--- Task item ---
Nothing but the lines from the top of the following entries through the line with "values from neighbouring" should be printed, exactly as they are.

--- Information given ---
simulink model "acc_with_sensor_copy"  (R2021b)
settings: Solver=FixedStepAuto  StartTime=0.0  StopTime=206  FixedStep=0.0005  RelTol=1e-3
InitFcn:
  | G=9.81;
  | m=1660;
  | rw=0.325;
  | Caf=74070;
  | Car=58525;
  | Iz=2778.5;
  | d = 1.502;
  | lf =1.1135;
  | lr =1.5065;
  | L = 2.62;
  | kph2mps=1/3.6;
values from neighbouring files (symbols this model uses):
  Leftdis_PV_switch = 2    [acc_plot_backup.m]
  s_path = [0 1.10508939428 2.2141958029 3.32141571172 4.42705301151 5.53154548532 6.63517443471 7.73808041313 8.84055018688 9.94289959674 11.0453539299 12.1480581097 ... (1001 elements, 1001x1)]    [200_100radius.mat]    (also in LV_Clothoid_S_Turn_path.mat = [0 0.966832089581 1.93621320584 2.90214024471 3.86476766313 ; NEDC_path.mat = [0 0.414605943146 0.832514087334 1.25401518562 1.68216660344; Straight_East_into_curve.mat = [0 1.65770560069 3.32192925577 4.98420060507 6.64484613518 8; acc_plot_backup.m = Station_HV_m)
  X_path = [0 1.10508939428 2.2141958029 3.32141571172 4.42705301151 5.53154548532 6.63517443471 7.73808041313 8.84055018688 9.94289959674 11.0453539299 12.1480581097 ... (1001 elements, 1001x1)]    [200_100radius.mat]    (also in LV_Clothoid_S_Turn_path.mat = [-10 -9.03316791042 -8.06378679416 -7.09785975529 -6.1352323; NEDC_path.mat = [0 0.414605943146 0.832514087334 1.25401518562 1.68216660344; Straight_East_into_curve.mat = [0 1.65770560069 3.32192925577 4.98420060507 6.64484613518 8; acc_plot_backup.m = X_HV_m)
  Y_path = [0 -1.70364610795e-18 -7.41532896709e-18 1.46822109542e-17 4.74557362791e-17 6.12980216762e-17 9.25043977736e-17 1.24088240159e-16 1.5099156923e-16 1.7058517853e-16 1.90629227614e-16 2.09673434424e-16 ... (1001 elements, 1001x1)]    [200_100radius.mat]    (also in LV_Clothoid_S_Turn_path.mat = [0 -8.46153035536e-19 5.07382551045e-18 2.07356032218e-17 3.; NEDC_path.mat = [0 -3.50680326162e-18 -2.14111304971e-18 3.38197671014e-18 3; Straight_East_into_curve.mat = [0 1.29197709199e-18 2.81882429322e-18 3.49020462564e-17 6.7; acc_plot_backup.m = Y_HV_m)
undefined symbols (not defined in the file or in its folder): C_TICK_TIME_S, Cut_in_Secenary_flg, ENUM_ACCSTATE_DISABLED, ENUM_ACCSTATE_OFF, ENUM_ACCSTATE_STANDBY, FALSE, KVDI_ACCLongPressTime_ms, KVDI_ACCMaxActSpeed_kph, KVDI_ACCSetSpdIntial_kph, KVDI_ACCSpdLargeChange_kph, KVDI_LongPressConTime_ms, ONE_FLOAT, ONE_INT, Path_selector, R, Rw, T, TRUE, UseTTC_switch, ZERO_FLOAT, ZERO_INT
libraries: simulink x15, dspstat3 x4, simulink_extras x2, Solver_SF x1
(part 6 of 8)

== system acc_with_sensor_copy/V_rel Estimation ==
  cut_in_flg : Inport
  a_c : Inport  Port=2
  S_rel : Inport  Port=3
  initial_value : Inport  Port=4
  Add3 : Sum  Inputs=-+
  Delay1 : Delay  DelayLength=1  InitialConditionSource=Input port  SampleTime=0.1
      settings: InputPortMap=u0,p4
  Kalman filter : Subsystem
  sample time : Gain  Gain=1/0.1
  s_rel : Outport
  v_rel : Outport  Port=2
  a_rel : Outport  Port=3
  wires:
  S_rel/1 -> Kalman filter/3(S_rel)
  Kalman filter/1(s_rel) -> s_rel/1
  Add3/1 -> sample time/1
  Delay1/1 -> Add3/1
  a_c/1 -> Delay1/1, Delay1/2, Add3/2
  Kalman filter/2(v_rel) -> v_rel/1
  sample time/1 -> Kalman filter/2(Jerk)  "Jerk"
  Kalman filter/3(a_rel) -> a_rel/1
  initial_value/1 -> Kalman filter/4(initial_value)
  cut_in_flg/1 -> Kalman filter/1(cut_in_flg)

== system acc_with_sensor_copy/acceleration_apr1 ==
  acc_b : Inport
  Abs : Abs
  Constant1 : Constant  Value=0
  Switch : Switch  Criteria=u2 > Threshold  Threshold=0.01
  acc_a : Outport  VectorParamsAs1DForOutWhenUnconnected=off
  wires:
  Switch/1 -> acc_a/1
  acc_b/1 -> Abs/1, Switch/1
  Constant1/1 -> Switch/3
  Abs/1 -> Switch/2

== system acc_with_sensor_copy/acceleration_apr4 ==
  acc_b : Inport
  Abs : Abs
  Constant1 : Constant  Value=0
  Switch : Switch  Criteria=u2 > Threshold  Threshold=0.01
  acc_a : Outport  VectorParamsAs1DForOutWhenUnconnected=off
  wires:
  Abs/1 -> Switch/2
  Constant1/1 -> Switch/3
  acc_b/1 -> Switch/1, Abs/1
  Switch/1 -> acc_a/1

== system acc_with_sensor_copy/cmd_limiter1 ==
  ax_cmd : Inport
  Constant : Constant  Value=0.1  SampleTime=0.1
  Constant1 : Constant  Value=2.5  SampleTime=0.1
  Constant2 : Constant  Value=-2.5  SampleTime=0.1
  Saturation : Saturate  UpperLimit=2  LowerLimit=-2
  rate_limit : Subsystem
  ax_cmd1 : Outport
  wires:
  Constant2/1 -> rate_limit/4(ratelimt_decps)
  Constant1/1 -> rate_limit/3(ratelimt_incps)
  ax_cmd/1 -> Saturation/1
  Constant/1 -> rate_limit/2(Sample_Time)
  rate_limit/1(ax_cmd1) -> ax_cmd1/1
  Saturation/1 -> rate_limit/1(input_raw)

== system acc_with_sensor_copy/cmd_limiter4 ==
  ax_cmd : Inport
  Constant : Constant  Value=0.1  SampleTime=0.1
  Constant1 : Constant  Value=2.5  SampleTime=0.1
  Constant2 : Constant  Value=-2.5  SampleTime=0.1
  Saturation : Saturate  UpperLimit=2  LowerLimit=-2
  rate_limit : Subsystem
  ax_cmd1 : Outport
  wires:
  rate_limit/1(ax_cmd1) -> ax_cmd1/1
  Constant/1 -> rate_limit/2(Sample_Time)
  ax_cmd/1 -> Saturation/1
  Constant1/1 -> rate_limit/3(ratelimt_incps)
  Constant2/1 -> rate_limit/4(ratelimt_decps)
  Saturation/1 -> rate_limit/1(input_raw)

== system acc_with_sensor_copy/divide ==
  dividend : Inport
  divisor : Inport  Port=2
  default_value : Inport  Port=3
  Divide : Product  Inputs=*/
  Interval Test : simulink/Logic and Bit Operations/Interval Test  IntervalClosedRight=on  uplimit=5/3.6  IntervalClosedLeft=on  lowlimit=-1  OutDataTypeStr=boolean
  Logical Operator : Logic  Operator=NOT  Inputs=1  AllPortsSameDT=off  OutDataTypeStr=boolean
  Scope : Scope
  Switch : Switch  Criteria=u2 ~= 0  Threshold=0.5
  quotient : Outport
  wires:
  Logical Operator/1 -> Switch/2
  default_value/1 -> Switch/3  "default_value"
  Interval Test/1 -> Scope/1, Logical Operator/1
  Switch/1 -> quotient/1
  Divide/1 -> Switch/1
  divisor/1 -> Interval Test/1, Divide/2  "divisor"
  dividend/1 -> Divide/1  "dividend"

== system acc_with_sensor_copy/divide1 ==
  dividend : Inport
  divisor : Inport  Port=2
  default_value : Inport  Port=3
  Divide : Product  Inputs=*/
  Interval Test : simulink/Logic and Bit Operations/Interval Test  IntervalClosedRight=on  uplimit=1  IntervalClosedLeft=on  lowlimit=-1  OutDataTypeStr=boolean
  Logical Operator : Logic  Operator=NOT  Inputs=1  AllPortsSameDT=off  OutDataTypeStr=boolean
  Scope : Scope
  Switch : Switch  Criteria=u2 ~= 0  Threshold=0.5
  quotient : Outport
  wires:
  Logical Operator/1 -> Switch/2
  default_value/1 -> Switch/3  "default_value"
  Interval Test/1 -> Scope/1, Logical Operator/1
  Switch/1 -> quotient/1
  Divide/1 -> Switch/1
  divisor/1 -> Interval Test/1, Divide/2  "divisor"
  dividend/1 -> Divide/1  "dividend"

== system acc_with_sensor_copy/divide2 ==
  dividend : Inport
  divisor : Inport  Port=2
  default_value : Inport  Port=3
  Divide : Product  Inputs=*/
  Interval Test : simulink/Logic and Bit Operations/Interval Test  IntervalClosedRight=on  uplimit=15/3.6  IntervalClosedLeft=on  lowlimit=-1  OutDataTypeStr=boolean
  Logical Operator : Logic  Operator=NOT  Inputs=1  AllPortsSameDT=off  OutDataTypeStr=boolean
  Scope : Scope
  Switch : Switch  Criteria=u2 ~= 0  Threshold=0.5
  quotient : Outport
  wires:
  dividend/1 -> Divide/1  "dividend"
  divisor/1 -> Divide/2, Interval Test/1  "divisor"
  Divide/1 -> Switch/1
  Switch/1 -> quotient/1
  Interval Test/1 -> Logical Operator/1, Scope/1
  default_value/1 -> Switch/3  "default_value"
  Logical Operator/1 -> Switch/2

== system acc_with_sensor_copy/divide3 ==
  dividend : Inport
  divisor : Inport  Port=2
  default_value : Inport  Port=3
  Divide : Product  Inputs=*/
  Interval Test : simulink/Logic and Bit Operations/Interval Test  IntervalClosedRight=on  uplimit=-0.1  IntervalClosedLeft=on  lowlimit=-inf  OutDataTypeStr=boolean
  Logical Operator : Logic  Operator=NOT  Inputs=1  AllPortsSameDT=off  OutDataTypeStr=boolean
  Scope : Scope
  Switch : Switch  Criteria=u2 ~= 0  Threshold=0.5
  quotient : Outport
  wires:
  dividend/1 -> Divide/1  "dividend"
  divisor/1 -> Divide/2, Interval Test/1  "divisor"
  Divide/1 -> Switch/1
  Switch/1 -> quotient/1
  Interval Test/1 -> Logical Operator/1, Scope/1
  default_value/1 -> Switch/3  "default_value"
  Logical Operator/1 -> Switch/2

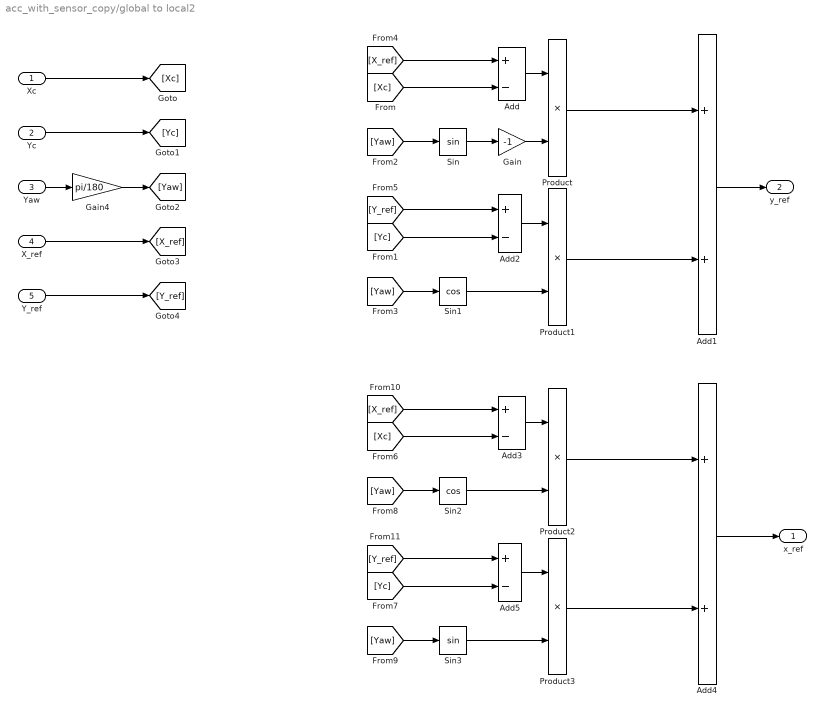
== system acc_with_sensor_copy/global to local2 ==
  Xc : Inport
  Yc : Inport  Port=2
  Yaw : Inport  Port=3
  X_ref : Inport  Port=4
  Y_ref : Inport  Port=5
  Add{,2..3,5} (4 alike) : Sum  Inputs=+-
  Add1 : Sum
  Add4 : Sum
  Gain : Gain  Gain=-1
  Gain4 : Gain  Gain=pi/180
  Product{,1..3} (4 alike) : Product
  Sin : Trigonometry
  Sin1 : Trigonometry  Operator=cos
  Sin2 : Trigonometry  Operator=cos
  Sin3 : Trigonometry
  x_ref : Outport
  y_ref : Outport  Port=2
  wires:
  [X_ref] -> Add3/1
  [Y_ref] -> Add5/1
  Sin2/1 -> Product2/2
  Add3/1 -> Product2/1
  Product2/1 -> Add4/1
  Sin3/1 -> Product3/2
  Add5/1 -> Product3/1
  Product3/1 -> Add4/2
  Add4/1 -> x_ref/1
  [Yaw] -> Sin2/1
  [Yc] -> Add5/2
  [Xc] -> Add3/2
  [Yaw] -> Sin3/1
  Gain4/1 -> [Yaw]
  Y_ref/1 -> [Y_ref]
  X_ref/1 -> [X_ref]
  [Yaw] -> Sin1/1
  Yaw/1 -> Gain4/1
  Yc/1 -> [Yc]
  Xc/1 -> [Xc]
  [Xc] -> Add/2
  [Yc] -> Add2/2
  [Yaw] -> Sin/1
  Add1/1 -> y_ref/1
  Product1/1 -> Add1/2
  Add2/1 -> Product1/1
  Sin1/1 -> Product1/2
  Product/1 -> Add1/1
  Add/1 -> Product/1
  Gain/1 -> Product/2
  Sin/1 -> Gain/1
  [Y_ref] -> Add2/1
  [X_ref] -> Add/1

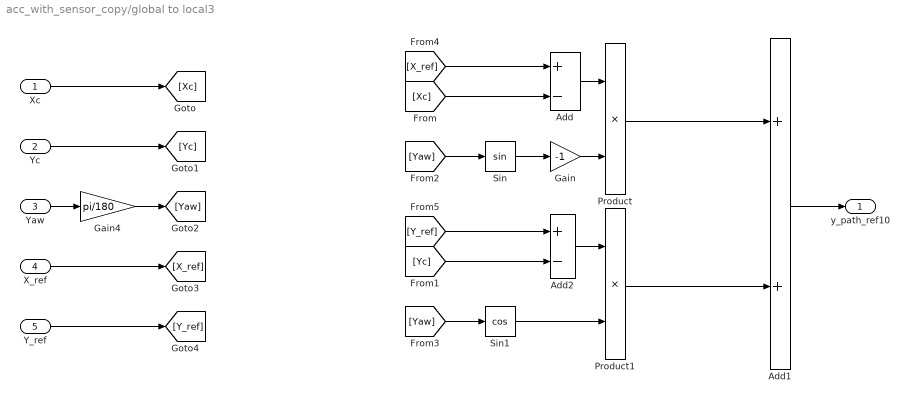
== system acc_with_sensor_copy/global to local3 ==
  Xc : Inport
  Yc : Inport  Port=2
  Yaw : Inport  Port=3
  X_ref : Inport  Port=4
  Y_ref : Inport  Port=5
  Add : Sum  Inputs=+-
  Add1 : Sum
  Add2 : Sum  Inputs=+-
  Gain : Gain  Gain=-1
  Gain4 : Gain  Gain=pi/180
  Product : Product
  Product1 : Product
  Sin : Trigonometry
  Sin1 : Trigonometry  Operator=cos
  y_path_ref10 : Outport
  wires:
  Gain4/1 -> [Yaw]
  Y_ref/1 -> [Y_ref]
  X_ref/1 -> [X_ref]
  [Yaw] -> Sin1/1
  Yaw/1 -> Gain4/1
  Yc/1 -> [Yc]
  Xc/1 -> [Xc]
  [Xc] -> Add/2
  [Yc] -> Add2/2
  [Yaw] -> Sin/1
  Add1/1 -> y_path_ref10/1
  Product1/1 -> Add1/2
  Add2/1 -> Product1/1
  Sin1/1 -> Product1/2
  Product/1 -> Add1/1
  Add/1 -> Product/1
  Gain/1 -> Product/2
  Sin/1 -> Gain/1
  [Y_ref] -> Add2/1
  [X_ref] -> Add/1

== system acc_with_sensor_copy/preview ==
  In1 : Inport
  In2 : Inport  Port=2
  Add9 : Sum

--- Response ---
simulink model "acc_with_sensor_copy"  (R2021b)
settings: Solver=FixedStepAuto  StartTime=0.0  StopTime=206  FixedStep=0.0005  RelTol=1e-3
InitFcn:
  | G=9.81;
  | m=1660;
  | rw=0.325;
  | Caf=74070;
  | Car=58525;
  | Iz=2778.5;
  | d = 1.502;
  | lf =1.1135;
  | lr =1.5065;
  | L = 2.62;
  | kph2mps=1/3.6;
values from neighbouring files (symbols this model uses):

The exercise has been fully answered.